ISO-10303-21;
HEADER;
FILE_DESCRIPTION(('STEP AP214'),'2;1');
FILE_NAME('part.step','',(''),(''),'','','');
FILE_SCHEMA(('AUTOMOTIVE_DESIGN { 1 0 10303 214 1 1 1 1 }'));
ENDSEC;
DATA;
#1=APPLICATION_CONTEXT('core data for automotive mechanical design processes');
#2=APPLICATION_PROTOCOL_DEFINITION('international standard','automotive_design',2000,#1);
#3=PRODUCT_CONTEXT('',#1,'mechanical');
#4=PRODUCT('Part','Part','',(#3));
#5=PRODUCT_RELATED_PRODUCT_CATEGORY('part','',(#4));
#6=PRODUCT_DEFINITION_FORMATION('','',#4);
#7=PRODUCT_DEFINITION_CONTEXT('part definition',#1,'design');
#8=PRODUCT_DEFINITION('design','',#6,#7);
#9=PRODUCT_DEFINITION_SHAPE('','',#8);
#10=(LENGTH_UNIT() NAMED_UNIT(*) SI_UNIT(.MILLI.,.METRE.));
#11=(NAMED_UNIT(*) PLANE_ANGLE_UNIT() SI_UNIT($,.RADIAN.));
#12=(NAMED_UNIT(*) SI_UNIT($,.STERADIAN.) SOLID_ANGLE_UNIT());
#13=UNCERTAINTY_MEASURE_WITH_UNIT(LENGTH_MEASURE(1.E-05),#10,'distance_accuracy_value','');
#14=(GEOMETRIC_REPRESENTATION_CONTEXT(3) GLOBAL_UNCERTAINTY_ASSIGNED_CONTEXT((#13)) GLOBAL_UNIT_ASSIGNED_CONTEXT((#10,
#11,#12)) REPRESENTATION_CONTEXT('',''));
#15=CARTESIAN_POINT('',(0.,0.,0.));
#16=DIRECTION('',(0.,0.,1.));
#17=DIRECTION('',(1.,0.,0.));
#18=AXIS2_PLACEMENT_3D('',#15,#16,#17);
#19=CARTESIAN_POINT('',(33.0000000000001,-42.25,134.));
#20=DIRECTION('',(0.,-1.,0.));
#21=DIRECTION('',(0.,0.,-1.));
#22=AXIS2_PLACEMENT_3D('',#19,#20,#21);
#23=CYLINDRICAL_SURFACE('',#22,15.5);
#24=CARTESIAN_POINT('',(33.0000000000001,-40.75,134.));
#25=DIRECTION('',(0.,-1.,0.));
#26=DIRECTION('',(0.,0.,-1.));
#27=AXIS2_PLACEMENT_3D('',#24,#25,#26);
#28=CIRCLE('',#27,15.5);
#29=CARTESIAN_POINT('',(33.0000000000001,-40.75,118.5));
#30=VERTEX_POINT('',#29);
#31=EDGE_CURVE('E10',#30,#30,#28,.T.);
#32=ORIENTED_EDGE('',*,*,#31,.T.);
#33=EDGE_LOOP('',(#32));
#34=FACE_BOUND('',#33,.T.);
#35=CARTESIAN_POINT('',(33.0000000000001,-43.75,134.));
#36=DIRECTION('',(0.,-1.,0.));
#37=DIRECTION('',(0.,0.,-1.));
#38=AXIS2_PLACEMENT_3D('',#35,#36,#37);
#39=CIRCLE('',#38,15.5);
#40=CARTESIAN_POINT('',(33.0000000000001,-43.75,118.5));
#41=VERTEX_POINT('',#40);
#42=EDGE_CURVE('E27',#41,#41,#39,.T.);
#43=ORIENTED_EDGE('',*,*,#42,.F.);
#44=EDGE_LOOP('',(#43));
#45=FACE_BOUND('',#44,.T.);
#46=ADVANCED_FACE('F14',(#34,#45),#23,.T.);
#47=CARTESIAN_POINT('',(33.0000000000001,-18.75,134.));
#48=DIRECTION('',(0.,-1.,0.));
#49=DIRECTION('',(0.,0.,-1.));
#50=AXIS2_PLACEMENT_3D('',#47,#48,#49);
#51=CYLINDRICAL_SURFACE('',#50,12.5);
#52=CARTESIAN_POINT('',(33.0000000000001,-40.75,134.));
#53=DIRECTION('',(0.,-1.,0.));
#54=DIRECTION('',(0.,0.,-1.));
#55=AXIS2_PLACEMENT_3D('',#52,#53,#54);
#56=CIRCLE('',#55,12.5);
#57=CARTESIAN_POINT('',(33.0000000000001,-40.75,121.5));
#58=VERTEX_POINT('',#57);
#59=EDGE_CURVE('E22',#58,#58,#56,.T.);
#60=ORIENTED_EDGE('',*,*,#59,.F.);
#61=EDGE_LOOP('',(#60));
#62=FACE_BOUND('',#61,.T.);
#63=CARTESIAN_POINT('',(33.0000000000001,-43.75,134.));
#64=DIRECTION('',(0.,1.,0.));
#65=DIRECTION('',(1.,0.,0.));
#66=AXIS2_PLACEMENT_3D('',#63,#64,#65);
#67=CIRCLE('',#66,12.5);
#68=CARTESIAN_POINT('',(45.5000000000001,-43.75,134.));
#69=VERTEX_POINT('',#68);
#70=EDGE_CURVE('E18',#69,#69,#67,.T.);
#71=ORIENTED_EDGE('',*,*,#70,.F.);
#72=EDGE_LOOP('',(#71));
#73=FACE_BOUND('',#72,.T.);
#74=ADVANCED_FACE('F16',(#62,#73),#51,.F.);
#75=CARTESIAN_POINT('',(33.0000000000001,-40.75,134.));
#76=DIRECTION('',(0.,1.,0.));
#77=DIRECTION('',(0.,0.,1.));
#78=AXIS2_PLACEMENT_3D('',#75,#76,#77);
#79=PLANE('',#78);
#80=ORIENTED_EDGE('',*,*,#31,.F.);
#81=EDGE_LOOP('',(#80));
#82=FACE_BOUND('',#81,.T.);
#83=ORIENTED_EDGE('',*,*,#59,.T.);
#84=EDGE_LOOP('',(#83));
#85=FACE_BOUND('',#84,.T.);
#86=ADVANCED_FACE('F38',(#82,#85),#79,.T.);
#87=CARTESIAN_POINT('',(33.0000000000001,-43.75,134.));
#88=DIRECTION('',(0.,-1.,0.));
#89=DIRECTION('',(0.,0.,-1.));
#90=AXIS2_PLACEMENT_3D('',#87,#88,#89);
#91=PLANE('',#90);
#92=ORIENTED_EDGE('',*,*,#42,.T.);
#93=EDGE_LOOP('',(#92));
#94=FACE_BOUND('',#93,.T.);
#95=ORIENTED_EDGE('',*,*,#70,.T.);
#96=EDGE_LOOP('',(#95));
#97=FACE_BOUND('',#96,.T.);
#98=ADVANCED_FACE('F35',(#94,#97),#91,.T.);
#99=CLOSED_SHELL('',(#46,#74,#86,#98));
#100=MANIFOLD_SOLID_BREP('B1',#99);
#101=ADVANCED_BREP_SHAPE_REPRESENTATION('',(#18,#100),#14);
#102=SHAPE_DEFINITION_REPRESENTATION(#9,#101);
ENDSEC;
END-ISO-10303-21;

------------------------------

### EXERCISE DETAILS
Only the lines above from the line containing "#19=CARTESIAN_POINT('',(33.0000000000001,-42.25,134.));" through the line containing "#26=DIRECTION('',(0.,0.,-1.));" should be retyped, exactly and with both ends included.

### SOLUTION TO THE EXERCISE
#19=CARTESIAN_POINT('',(33.0000000000001,-42.25,134.));
#20=DIRECTION('',(0.,-1.,0.));
#21=DIRECTION('',(0.,0.,-1.));
#22=AXIS2_PLACEMENT_3D('',#19,#20,#21);
#23=CYLINDRICAL_SURFACE('',#22,15.5);
#24=CARTESIAN_POINT('',(33.0000000000001,-40.75,134.));
#25=DIRECTION('',(0.,-1.,0.));
#26=DIRECTION('',(0.,0.,-1.));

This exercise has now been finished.